Although the companies that intend to follow a regulatory route often have theirs in place, the companies that are developing an initially unregulated solution will often omit this step.

Although documentation may sound overboard initially, it will save a company a lot of money and agony besides enabling it to venture into more serious territory.

Additional Tips

Design with Regulatory Constraints

In most innovation cases, healthcare innovators believe that compliance or user-friendly healthcare UX are the two options. However, it does not necessarily need to come at such a cost provided that regulatory compliance is utilized by the design team as creative restraints.

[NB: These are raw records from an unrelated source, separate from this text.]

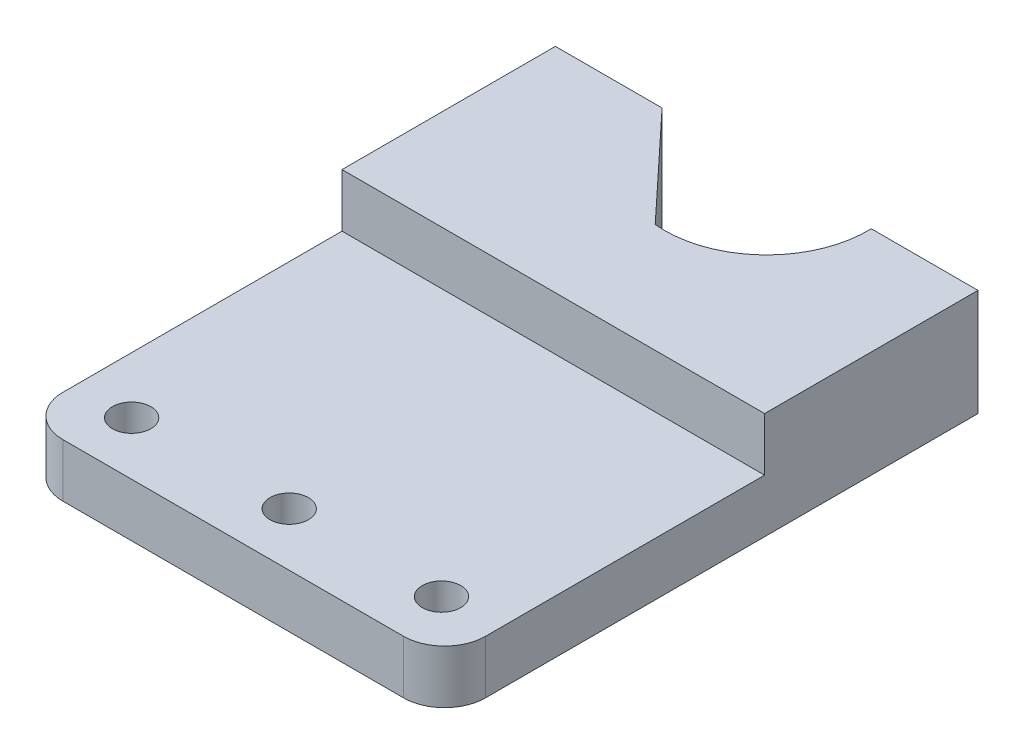
from build123d import *

# Parameters (mm, degrees)
SKETCH1_R           = 2.286
BOSS_EXTRUDE1_DEPTH = 12.7
SKETCH5_R           = 2.286
CUT_EXTRUDE3_DEPTH  = 12.7
FILLET1_R           = 4.87
FILLET2_R           = 4.87
SKETCH7_W           = 50.304618045
SKETCH7_H           = 38.1
CUT_EXTRUDE4_DEPTH  = 6.35


with BuildPart() as part:
    # Sketch1 → Boss-Extrude1 (new body)
    with BuildSketch(Plane(origin=(0, 0, 0), x_dir=(1, 0, 0), z_dir=(0, 1, 0))):
        with BuildLine():
            Line((-291.755501553, 191.396492393), (-280.151228022, 178.973093671))
            ThreePointArc((-280.151228022, 178.973093671), (-270.685286175, 182.170263236), (-266.850883508, 191.396492393))
            Line((-266.850883508, 191.396492393), (-254.150883508, 191.396492393))
            Line((-254.150883508, 191.396492393), (-254.150883508, 127.896492393))
            Line((-254.150883508, 127.896492393), (-304.455501553, 127.896492393))
            Line((-304.455501553, 127.896492393), (-304.455501553, 191.396492393))
            Line((-304.455501553, 191.396492393), (-291.755501553, 191.396492393))
        make_face()
        with Locations(Location((-297.746130931, 134.246492393, 0), (0, 0, 270))):
            Circle(SKETCH1_R, mode=Mode.SUBTRACT)
        with Locations(Location((-278.990383135, 134.246492393, 0), (0, 0, 270))):
            Circle(SKETCH1_R, mode=Mode.SUBTRACT)
        with Locations(Location((-260.86025413, 134.246492393, 0), (0, 0, 270))):
            Circle(SKETCH1_R, mode=Mode.SUBTRACT)
    extrude(amount=BOSS_EXTRUDE1_DEPTH)

    # Sketch5 → Cut-Extrude3 (cut)
    with BuildSketch(Plane(origin=(0, 0, -191.396492393), x_dir=(-1, 0, 0), z_dir=(0, 0, -1))):
        with Locations((260.500883508, 6.35)):
            Circle(SKETCH5_R)
        with Locations((298.105501553, 6.35)):
            Circle(SKETCH5_R)
    extrude(amount=-CUT_EXTRUDE3_DEPTH, mode=Mode.SUBTRACT)

    # Fillet1
    fillet1_edges = [part.edges().sort_by_distance(p)[0] for p in [
        (-304.455501553, 6.35, -127.896492393),
    ]]
    fillet(fillet1_edges, radius=FILLET1_R)

    # Fillet2
    fillet2_edges = [part.edges().sort_by_distance(p)[0] for p in [
        (-254.150883508, 6.35, -127.896492393),
    ]]
    fillet(fillet2_edges, radius=FILLET2_R)

    # Sketch7 → Cut-Extrude4 (cut)
    with BuildSketch(Plane(origin=(0, 12.7, 0), x_dir=(1, 0, 0), z_dir=(0, 1, 0))):
        with Locations((-279.303192531, 146.946492393)):
            Rectangle(SKETCH7_W, SKETCH7_H)
    extrude(amount=-CUT_EXTRUDE4_DEPTH, mode=Mode.SUBTRACT)


solid = part.part

Be Familiar with Your SaMD Classification

In case your healthcare solution has one or more medical uses, which conduct those medical uses without qualifying as a hardware medical device, it is likely to fall under the category of Software as a Medical Device.

It is Not Enough to Say That Their AI is 99% Accurate, Demonstrate It

In healthcare, a company cannot go around with the claims that its algorithms are the best. The regulators such as FDA (and clinicians, at that) want concrete, real-life demonstration of your tool meeting the promise.

Speed is Never Cheap in Healthcare Innovation

You can only go so far with speed-building critical features at the expense of security, compliance and user trust. MVP in healthcare does not involve the creation of the smallest product. It is about creating safest iteration of your vision that still carves it in terms of impact on the real world. When you begin with regulatory-first thinking, parallelize clinical validation, and structure in a modular way to expand in the future, you can get into the market more quickly - without having to make cuts that end up coming back to haunt you.